These are the key concepts you need to understand to accurately answer the question.

Conditional Probability
Conditional probability is a way of expressing the probability of an event occurring, given that another event has already occurred. It answers the question "If we know event B has happened, what are the chances that event A will happen?"

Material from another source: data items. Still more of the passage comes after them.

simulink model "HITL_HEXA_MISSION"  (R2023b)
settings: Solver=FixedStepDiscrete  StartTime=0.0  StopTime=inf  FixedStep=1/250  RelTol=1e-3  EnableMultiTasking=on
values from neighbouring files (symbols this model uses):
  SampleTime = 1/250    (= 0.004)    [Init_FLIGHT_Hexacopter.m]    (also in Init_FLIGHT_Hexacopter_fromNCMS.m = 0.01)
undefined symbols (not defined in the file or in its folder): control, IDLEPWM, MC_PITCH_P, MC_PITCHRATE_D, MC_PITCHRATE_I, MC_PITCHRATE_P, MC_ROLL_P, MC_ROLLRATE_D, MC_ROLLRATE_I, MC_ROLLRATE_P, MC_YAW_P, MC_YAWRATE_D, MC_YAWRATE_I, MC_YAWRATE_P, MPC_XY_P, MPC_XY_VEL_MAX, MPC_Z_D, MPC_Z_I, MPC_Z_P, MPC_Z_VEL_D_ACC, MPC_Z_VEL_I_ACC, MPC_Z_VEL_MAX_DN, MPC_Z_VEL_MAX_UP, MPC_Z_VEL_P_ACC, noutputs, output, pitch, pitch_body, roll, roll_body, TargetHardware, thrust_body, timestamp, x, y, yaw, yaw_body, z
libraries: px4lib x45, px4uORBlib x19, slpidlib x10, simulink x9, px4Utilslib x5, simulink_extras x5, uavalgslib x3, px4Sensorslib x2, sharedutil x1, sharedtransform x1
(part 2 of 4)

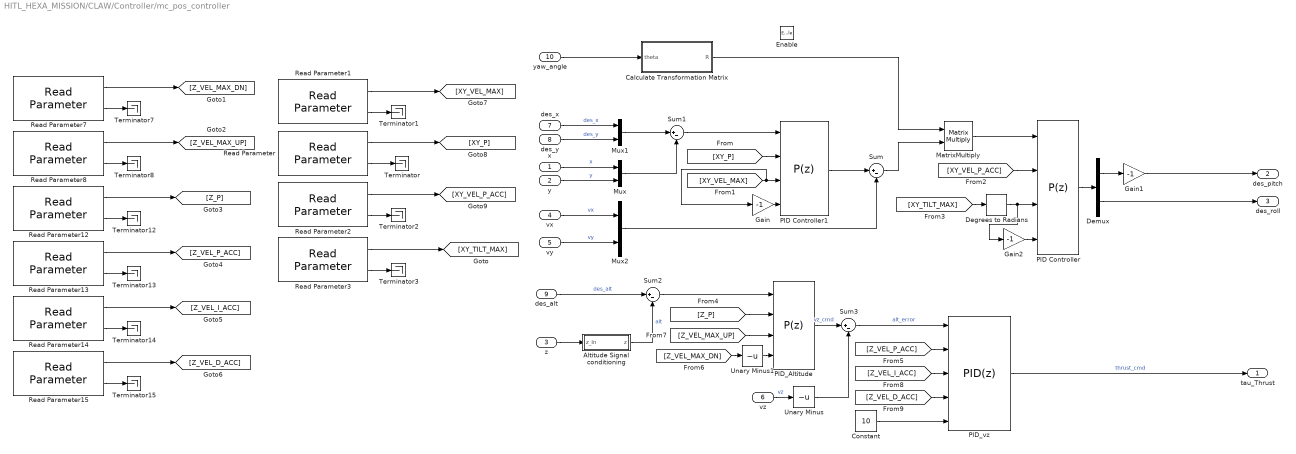
== system HITL_HEXA_MISSION/CLAW/Controller/mc_pos_controller ==
  x : Inport
  y : Inport  Port=2
  z : Inport  Port=3
  vx : Inport  Port=4
  vy : Inport  Port=5
  vz : Inport  Port=6
  des_x : Inport  Port=7
  des_y : Inport  Port=8
  des_alt : Inport  Port=9
  yaw_angle : Inport  Port=10
  Enable : EnablePort
  Altitude Signal conditioning : Subsystem
  Calculate Transformation Matrix : Subsystem
  Constant : Constant  Value=10
  Degrees to Radians : simulink_extras/Transformations/Degrees to Radians
  Demux : Demux  Outputs=2
  Gain : Gain  Gain=-1
  Gain1 : Gain  Gain=-1
  Gain2 : Gain  Gain=-1
  MatrixMultiply : Product  Multiplication=Matrix(*)
  Mux : Mux  Inputs=2
  Mux1 : Mux  Inputs=2
  Mux2 : Mux  Inputs=2
  PID Controller : slpidlib/PID Controller  Controller=P  Form=Parallel  TimeDomain=Discrete-time  UseExternalTs=off  SampleTime=-1  IntegratorMethod=Forward Euler  FilterMethod=Forward Euler  ControllerParametersSource=external  P=0.3  I=0  UseKiTs=off  D=0  N=20  UseFilter=on  TunerSelectOption=Transfer Function Based (PID Tuner App)  InitialConditionSource=internal  InitialConditionForIntegrator=0  InitialConditionForFilter=0  DifferentiatorICPrevScaledInput=0  ExternalReset=none  TrackingMode=off  Kt=1  LimitOutput=on  SatLimitsSource=external  UpperSaturationLimit=20*pi/180  LowerSaturationLimit=-20*pi/180  LinearizeAsGain=on  AntiWindupMode=clamping  Kb=1  LimitIntegrator=off  UpperIntegratorSaturationLimit=inf  LowerIntegratorSaturationLimit=-inf  POutMin=[]  POutMax=[]  IOutMin=[]  IOutMax=[]  DOutMin=[]  DOutMax=[]  NOutMin=[]  NOutMax=[]  SumOutMin=[]  SumOutMax=[]  SaturationOutMin=[]  SaturationOutMax=[]  PParamMin=[]  PParamMax=[]  IParamMin=[]  IParamMax=[]  DParamMin=[]  DParamMax=[]  NParamMin=[]  NParamMax=[]  KbParamMin=[]  KbParamMax=[]  KtParamMin=[]  KtParamMax=[]  KbOutMin=[]  KbOutMax=[]  KtOutMin=[]  KtOutMax=[]  IntegratorOutMin=[]  IntegratorOutMax=[]  FilterOutMin=[]  FilterOutMax=[]  SumI1OutMin=[]  SumI1OutMax=[]  SumI2OutMin=[]  SumI2OutMax=[]  SumI3OutMin=[]  SumI3OutMax=[]  SumI4OutMin=[]  SumI4OutMax=[]  SumDOutMin=[]  SumDOutMax=[]  DifferentiatorOutMin=[]  DifferentiatorOutMax=[]  FilterDiffOutCoefMin=[]  FilterDiffOutCoefMax=[]  ReciprocalOutMin=[]  ReciprocalOutMax=[]  SumDenOutMin=[]  SumDenOutMax=[]  SumNumOutMin=[]  SumNumOutMax=[]  DivideOutMin=[]  DivideOutMax=[]  UdiffTsProdOutMin=[]  UdiffTsProdOutMax=[]  NTsProdOutMin=[]  NTsProdOutMax=[]  UintegralTsProdOutMin=[]  UintegralTsProdOutMax=[]  UngainTsProdOutMin=[]  UngainTsProdOutMax=[]  ClampingZeroOutDataTypeStr=Inherit: Inherit via back propagation  ClampingZeroOutMin=[]  ClampingZeroOutMax=[]  FilterDenConstantOutDataTypeStr=Inherit: Inherit via back propagation  FilterDenConstantOutMin=[]  FilterDenConstantOutMax=[]  PCopyOutDataTypeStr=Inherit: Inherit via back propagation  PCopyOutMin=[]  PCopyOutMax=[]  NCopyOutDataTypeStr=Inherit: Inherit via back propagation  NCopyOutMin=[]  NCopyOutMax=[]  IntegratorContinuousStateAttributes=''  IntegratorStateMustResolveToSignalObject=off  IntegratorRTWStateStorageClass=Auto  FilterContinuousStateAttributes=''  FilterStateMustResolveToSignalObject=off  FilterRTWStateStorageClass=Auto  ParallelPVariant=ExternalParameters  IdealPVariant=Disabled  IVariant=Disabled  DVariant=Disabled  IntegratorVariant=Disabled  SatVariant=External  AWVariant=Disabled  PCopyVariant=Disabled  TRVariant=Disabled  FdbkBlocksVariant=Forward  IdealPFdbkVariant=Disabled  SatFdbkVariant=Disabled  DerivativeFilterVariant=Disabled  NVariant=Disabled  NCopyVariant=Disabled_SignalSpec  FilterICVariant=Disabled  IntegratorICVariant=Disabled  ExternalResetVariant=Disabled  TRSumVariant=Passthrough  SumFdbkVariant=Disabled  SumVariant=Passthrough_P  TsampFilterVariant=InternalTs  TsampNgainVariant=Passthrough  TsampIntegralVariant=Disabled_SignalSpec  ExternalSaturationOutDataTypeStr=Inherit: Same as second input
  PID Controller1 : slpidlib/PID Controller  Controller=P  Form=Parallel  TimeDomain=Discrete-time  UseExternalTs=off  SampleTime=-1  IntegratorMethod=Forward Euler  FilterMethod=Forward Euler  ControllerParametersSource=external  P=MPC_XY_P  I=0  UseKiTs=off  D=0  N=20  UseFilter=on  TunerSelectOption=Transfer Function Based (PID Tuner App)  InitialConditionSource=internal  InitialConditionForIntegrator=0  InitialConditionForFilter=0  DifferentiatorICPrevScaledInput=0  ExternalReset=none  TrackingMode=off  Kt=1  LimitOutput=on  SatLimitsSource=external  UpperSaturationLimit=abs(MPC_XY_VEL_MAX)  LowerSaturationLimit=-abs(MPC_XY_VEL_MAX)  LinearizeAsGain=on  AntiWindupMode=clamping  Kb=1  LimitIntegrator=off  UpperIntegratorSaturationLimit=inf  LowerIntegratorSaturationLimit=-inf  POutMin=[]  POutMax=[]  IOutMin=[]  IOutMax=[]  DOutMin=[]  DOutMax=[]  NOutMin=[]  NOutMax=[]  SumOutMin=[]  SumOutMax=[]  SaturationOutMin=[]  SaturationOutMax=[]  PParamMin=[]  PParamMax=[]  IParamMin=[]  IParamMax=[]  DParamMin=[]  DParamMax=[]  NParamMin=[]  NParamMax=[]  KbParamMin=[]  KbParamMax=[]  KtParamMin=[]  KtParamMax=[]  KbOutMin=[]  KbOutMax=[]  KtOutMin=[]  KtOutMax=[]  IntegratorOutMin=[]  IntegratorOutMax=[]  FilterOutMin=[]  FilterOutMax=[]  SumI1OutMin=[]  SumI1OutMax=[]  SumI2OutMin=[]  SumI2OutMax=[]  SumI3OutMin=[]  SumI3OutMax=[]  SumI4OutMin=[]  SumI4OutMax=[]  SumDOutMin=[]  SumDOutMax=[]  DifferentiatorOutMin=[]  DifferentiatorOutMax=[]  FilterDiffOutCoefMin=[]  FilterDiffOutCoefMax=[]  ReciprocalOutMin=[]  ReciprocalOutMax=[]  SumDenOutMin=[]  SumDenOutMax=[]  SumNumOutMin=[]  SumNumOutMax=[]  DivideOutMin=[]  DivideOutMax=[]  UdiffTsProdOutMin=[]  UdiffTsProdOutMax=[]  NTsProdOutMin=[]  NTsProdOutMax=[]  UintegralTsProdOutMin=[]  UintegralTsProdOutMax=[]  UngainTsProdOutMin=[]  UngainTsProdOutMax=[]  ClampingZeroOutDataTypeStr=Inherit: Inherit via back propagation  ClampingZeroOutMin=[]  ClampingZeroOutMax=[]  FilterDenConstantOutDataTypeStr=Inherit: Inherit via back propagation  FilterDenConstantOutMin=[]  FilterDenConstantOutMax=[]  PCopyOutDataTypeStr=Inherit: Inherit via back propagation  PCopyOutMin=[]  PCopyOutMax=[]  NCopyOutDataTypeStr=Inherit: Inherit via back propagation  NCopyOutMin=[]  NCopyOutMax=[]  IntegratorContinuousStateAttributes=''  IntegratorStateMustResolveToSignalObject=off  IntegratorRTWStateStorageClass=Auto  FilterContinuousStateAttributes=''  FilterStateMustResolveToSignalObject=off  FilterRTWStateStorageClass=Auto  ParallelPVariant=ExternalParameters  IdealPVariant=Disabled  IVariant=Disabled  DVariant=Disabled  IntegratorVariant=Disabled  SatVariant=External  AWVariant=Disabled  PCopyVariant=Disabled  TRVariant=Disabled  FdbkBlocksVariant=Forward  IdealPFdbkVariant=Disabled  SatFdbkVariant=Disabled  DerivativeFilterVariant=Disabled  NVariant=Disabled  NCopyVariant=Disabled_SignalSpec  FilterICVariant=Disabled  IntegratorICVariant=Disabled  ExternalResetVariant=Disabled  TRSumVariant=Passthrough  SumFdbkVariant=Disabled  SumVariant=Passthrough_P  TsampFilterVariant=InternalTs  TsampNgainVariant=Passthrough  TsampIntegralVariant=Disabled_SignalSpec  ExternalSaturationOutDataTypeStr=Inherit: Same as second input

Mathematically, this is represented by the formula:
  • \( P(A \mid B) = \frac{P(A \cap B)}{P(B)} \)
Here’s what the notation means:
  • \( P(A \mid B) \) is the probability of A given B.
  • \( P(A \cap B) \) is the probability that both A and B occur.
  • \( P(B) \) is the probability of B.
Conditional probability allows us to adjust our perception of how likely an event is, based on new information. It’s a key concept in understanding how one event can affect the likelihood of another.
Law of Total Probability
The Law of Total Probability is a fundamental rule for calculating probabilities that are broken into subsets. It helps us find the probability of a total event by considering all possible scenarios that lead to this event. This law is especially useful when you can split an event into mutually exclusive and exhaustive events.

The law is expressed as:
  • \( P(A) = P(A \mid B)P(B) + P(A \mid B')P(B') \)
In the formula above:
  • \( P(A \mid B)P(B) \) is the probability of A occurring with B.
  • \( P(A \mid B')P(B') \) is the probability of A occurring without B.
  • \( B' \) represents "not B", also known as the complement of B.
By applying the Law of Total Probability, you consider both situations: where B happens and where it doesn’t. Summing these values provides the total probability of A.
Probability Theory
Probability theory is the branch of mathematics that deals with the analysis of random events. It’s centered around understanding how likely an event is to occur.

Basic ideas include:
  • An event is any outcome or set of outcomes from some random process.
  • The probability of an event is a numerical measure of the likelihood that the event will occur.
Probabilities are calculated following these rules:
  • All probabilities are numbers between 0 and 1, inclusive.
  • If an event is certain to happen, its probability is 1.
  • If an event is certain not to happen, its probability is 0.
  • The sum of probabilities of all possible outcomes of an event equals 1.
Probabilities can be combined and calculated using concepts such as conditional probability, the Law of Total Probability, and Bayes' Theorem. These all help in making sense of uncertain situations and guide decision-making under uncertainty.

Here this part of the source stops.